===== Source data =====

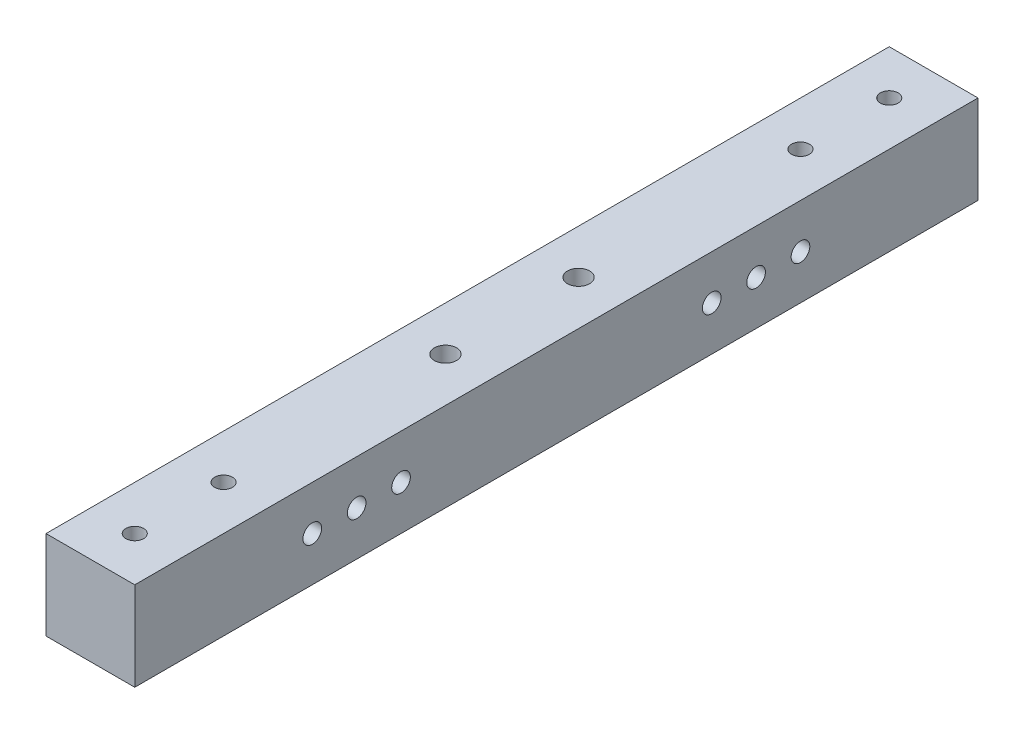
ISO-10303-21;
HEADER;
FILE_DESCRIPTION(('STEP AP214'),'2;1');
FILE_NAME('part.step','',(''),(''),'','','');
FILE_SCHEMA(('AUTOMOTIVE_DESIGN { 1 0 10303 214 1 1 1 1 }'));
ENDSEC;
DATA;
#1=APPLICATION_CONTEXT('core data for automotive mechanical design processes');
#2=APPLICATION_PROTOCOL_DEFINITION('international standard','automotive_design',2000,#1);
#3=PRODUCT_CONTEXT('',#1,'mechanical');
#4=PRODUCT('Part','Part','',(#3));
#5=PRODUCT_RELATED_PRODUCT_CATEGORY('part','',(#4));
#6=PRODUCT_DEFINITION_FORMATION('','',#4);
#7=PRODUCT_DEFINITION_CONTEXT('part definition',#1,'design');
#8=PRODUCT_DEFINITION('design','',#6,#7);
#9=PRODUCT_DEFINITION_SHAPE('','',#8);
#10=(LENGTH_UNIT() NAMED_UNIT(*) SI_UNIT(.MILLI.,.METRE.));
#11=(NAMED_UNIT(*) PLANE_ANGLE_UNIT() SI_UNIT($,.RADIAN.));
#12=(NAMED_UNIT(*) SI_UNIT($,.STERADIAN.) SOLID_ANGLE_UNIT());
#13=UNCERTAINTY_MEASURE_WITH_UNIT(LENGTH_MEASURE(1.E-05),#10,'distance_accuracy_value','');
#14=(GEOMETRIC_REPRESENTATION_CONTEXT(3) GLOBAL_UNCERTAINTY_ASSIGNED_CONTEXT((#13)) GLOBAL_UNIT_ASSIGNED_CONTEXT((#10,
#11,#12)) REPRESENTATION_CONTEXT('',''));
#15=CARTESIAN_POINT('',(0.,0.,0.));
#16=DIRECTION('',(0.,0.,1.));
#17=DIRECTION('',(1.,0.,0.));
#18=AXIS2_PLACEMENT_3D('',#15,#16,#17);
#19=CARTESIAN_POINT('',(0.,0.,190.));
#20=DIRECTION('',(1.,0.,0.));
#21=DIRECTION('',(0.,0.,-1.));
#22=AXIS2_PLACEMENT_3D('',#19,#20,#21);
#23=PLANE('',#22);
#24=CARTESIAN_POINT('',(0.,10.,40.));
#25=DIRECTION('',(1.,0.,0.));
#26=DIRECTION('',(0.,0.,1.));
#27=AXIS2_PLACEMENT_3D('',#24,#25,#26);
#28=CIRCLE('',#27,2.09999999999999);
#29=CARTESIAN_POINT('',(0.,10.,42.1));
#30=VERTEX_POINT('',#29);
#31=EDGE_CURVE('E158',#30,#30,#28,.T.);
#32=ORIENTED_EDGE('',*,*,#31,.T.);
#33=EDGE_LOOP('',(#32));
#34=FACE_BOUND('',#33,.T.);
#35=CARTESIAN_POINT('',(0.,10.,50.));
#36=DIRECTION('',(1.,0.,0.));
#37=DIRECTION('',(0.,0.,1.));
#38=AXIS2_PLACEMENT_3D('',#35,#36,#37);
#39=CIRCLE('',#38,2.09999999999999);
#40=CARTESIAN_POINT('',(0.,10.,52.1));
#41=VERTEX_POINT('',#40);
#42=EDGE_CURVE('E164',#41,#41,#39,.T.);
#43=ORIENTED_EDGE('',*,*,#42,.T.);
#44=EDGE_LOOP('',(#43));
#45=FACE_BOUND('',#44,.T.);
#46=CARTESIAN_POINT('',(0.,10.0000000000002,60.));
#47=DIRECTION('',(1.,0.,0.));
#48=DIRECTION('',(0.,0.,1.));
#49=AXIS2_PLACEMENT_3D('',#46,#47,#48);
#50=CIRCLE('',#49,2.09999999999999);
#51=CARTESIAN_POINT('',(0.,10.0000000000002,62.1));
#52=VERTEX_POINT('',#51);
#53=EDGE_CURVE('E170',#52,#52,#50,.T.);
#54=ORIENTED_EDGE('',*,*,#53,.T.);
#55=EDGE_LOOP('',(#54));
#56=FACE_BOUND('',#55,.T.);
#57=CARTESIAN_POINT('',(0.,10.,150.));
#58=DIRECTION('',(1.,0.,0.));
#59=DIRECTION('',(0.,0.,-1.));
#60=AXIS2_PLACEMENT_3D('',#57,#58,#59);
#61=CIRCLE('',#60,2.09999999999999);
#62=CARTESIAN_POINT('',(0.,10.,147.9));
#63=VERTEX_POINT('',#62);
#64=EDGE_CURVE('E176',#63,#63,#61,.T.);
#65=ORIENTED_EDGE('',*,*,#64,.T.);
#66=EDGE_LOOP('',(#65));
#67=FACE_BOUND('',#66,.T.);
#68=CARTESIAN_POINT('',(0.,10.0000000000001,130.));
#69=DIRECTION('',(1.,0.,0.));
#70=DIRECTION('',(0.,0.,-1.));
#71=AXIS2_PLACEMENT_3D('',#68,#69,#70);
#72=CIRCLE('',#71,2.09999999999999);
#73=CARTESIAN_POINT('',(0.,10.0000000000001,127.9));
#74=VERTEX_POINT('',#73);
#75=EDGE_CURVE('E152',#74,#74,#72,.T.);
#76=ORIENTED_EDGE('',*,*,#75,.T.);
#77=EDGE_LOOP('',(#76));
#78=FACE_BOUND('',#77,.T.);
#79=CARTESIAN_POINT('',(0.,10.,140.));
#80=DIRECTION('',(1.,0.,0.));
#81=DIRECTION('',(0.,0.,-1.));
#82=AXIS2_PLACEMENT_3D('',#79,#80,#81);
#83=CIRCLE('',#82,2.09999999999999);
#84=CARTESIAN_POINT('',(0.,10.,137.9));
#85=VERTEX_POINT('',#84);
#86=EDGE_CURVE('E142',#85,#85,#83,.T.);
#87=ORIENTED_EDGE('',*,*,#86,.T.);
#88=EDGE_LOOP('',(#87));
#89=FACE_BOUND('',#88,.T.);
#90=DIRECTION('',(0.,-1.,0.));
#91=VECTOR('',#90,1.);
#92=CARTESIAN_POINT('',(0.,0.,0.));
#93=LINE('',#92,#91);
#94=CARTESIAN_POINT('',(0.,20.,0.));
#95=VERTEX_POINT('',#94);
#96=CARTESIAN_POINT('',(0.,0.,0.));
#97=VERTEX_POINT('',#96);
#98=EDGE_CURVE('E99',#95,#97,#93,.T.);
#99=ORIENTED_EDGE('',*,*,#98,.T.);
#100=DIRECTION('',(0.,0.,-1.));
#101=VECTOR('',#100,1.);
#102=CARTESIAN_POINT('',(0.,0.,190.));
#103=LINE('',#102,#101);
#104=CARTESIAN_POINT('',(0.,0.,190.));
#105=VERTEX_POINT('',#104);
#106=EDGE_CURVE('E11',#105,#97,#103,.T.);
#107=ORIENTED_EDGE('',*,*,#106,.F.);
#108=DIRECTION('',(0.,-1.,0.));
#109=VECTOR('',#108,1.);
#110=CARTESIAN_POINT('',(0.,0.,190.));
#111=LINE('',#110,#109);
#112=CARTESIAN_POINT('',(0.,20.,190.));
#113=VERTEX_POINT('',#112);
#114=EDGE_CURVE('E87',#113,#105,#111,.T.);
#115=ORIENTED_EDGE('',*,*,#114,.F.);
#116=DIRECTION('',(0.,0.,-1.));
#117=VECTOR('',#116,1.);
#118=CARTESIAN_POINT('',(0.,20.,190.));
#119=LINE('',#118,#117);
#120=EDGE_CURVE('E95',#113,#95,#119,.T.);
#121=ORIENTED_EDGE('',*,*,#120,.T.);
#122=EDGE_LOOP('',(#99,#107,#115,#121));
#123=FACE_BOUND('',#122,.T.);
#124=ADVANCED_FACE('F36',(#34,#45,#56,#67,#78,#89,#123),#23,.F.);
#125=CARTESIAN_POINT('',(0.,0.,190.));
#126=DIRECTION('',(0.,1.,0.));
#127=DIRECTION('',(0.,0.,1.));
#128=AXIS2_PLACEMENT_3D('',#125,#126,#127);
#129=PLANE('',#128);
#130=CARTESIAN_POINT('',(10.,0.,180.));
#131=DIRECTION('',(0.,1.,0.));
#132=DIRECTION('',(0.,0.,1.));
#133=AXIS2_PLACEMENT_3D('',#130,#131,#132);
#134=CIRCLE('',#133,2.);
#135=CARTESIAN_POINT('',(10.,0.,182.));
#136=VERTEX_POINT('',#135);
#137=EDGE_CURVE('E102',#136,#136,#134,.T.);
#138=ORIENTED_EDGE('',*,*,#137,.T.);
#139=EDGE_LOOP('',(#138));
#140=FACE_BOUND('',#139,.T.);
#141=CARTESIAN_POINT('',(10.,0.,80.));
#142=DIRECTION('',(0.,1.,0.));
#143=DIRECTION('',(0.,0.,-1.));
#144=AXIS2_PLACEMENT_3D('',#141,#142,#143);
#145=CIRCLE('',#144,2.5);
#146=CARTESIAN_POINT('',(10.,0.,77.5));
#147=VERTEX_POINT('',#146);
#148=EDGE_CURVE('E117',#147,#147,#145,.T.);
#149=ORIENTED_EDGE('',*,*,#148,.T.);
#150=EDGE_LOOP('',(#149));
#151=FACE_BOUND('',#150,.T.);
#152=CARTESIAN_POINT('',(10.,0.,30.));
#153=DIRECTION('',(0.,1.,0.));
#154=DIRECTION('',(0.,0.,-1.));
#155=AXIS2_PLACEMENT_3D('',#152,#153,#154);
#156=CIRCLE('',#155,2.);
#157=CARTESIAN_POINT('',(10.,0.,28.));
#158=VERTEX_POINT('',#157);
#159=EDGE_CURVE('E116',#158,#158,#156,.T.);
#160=ORIENTED_EDGE('',*,*,#159,.T.);
#161=EDGE_LOOP('',(#160));
#162=FACE_BOUND('',#161,.T.);
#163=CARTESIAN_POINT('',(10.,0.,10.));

=====

Directions :: Count the lines in the records that contain the word "VECTOR", and give only that number.

Written answer :: 4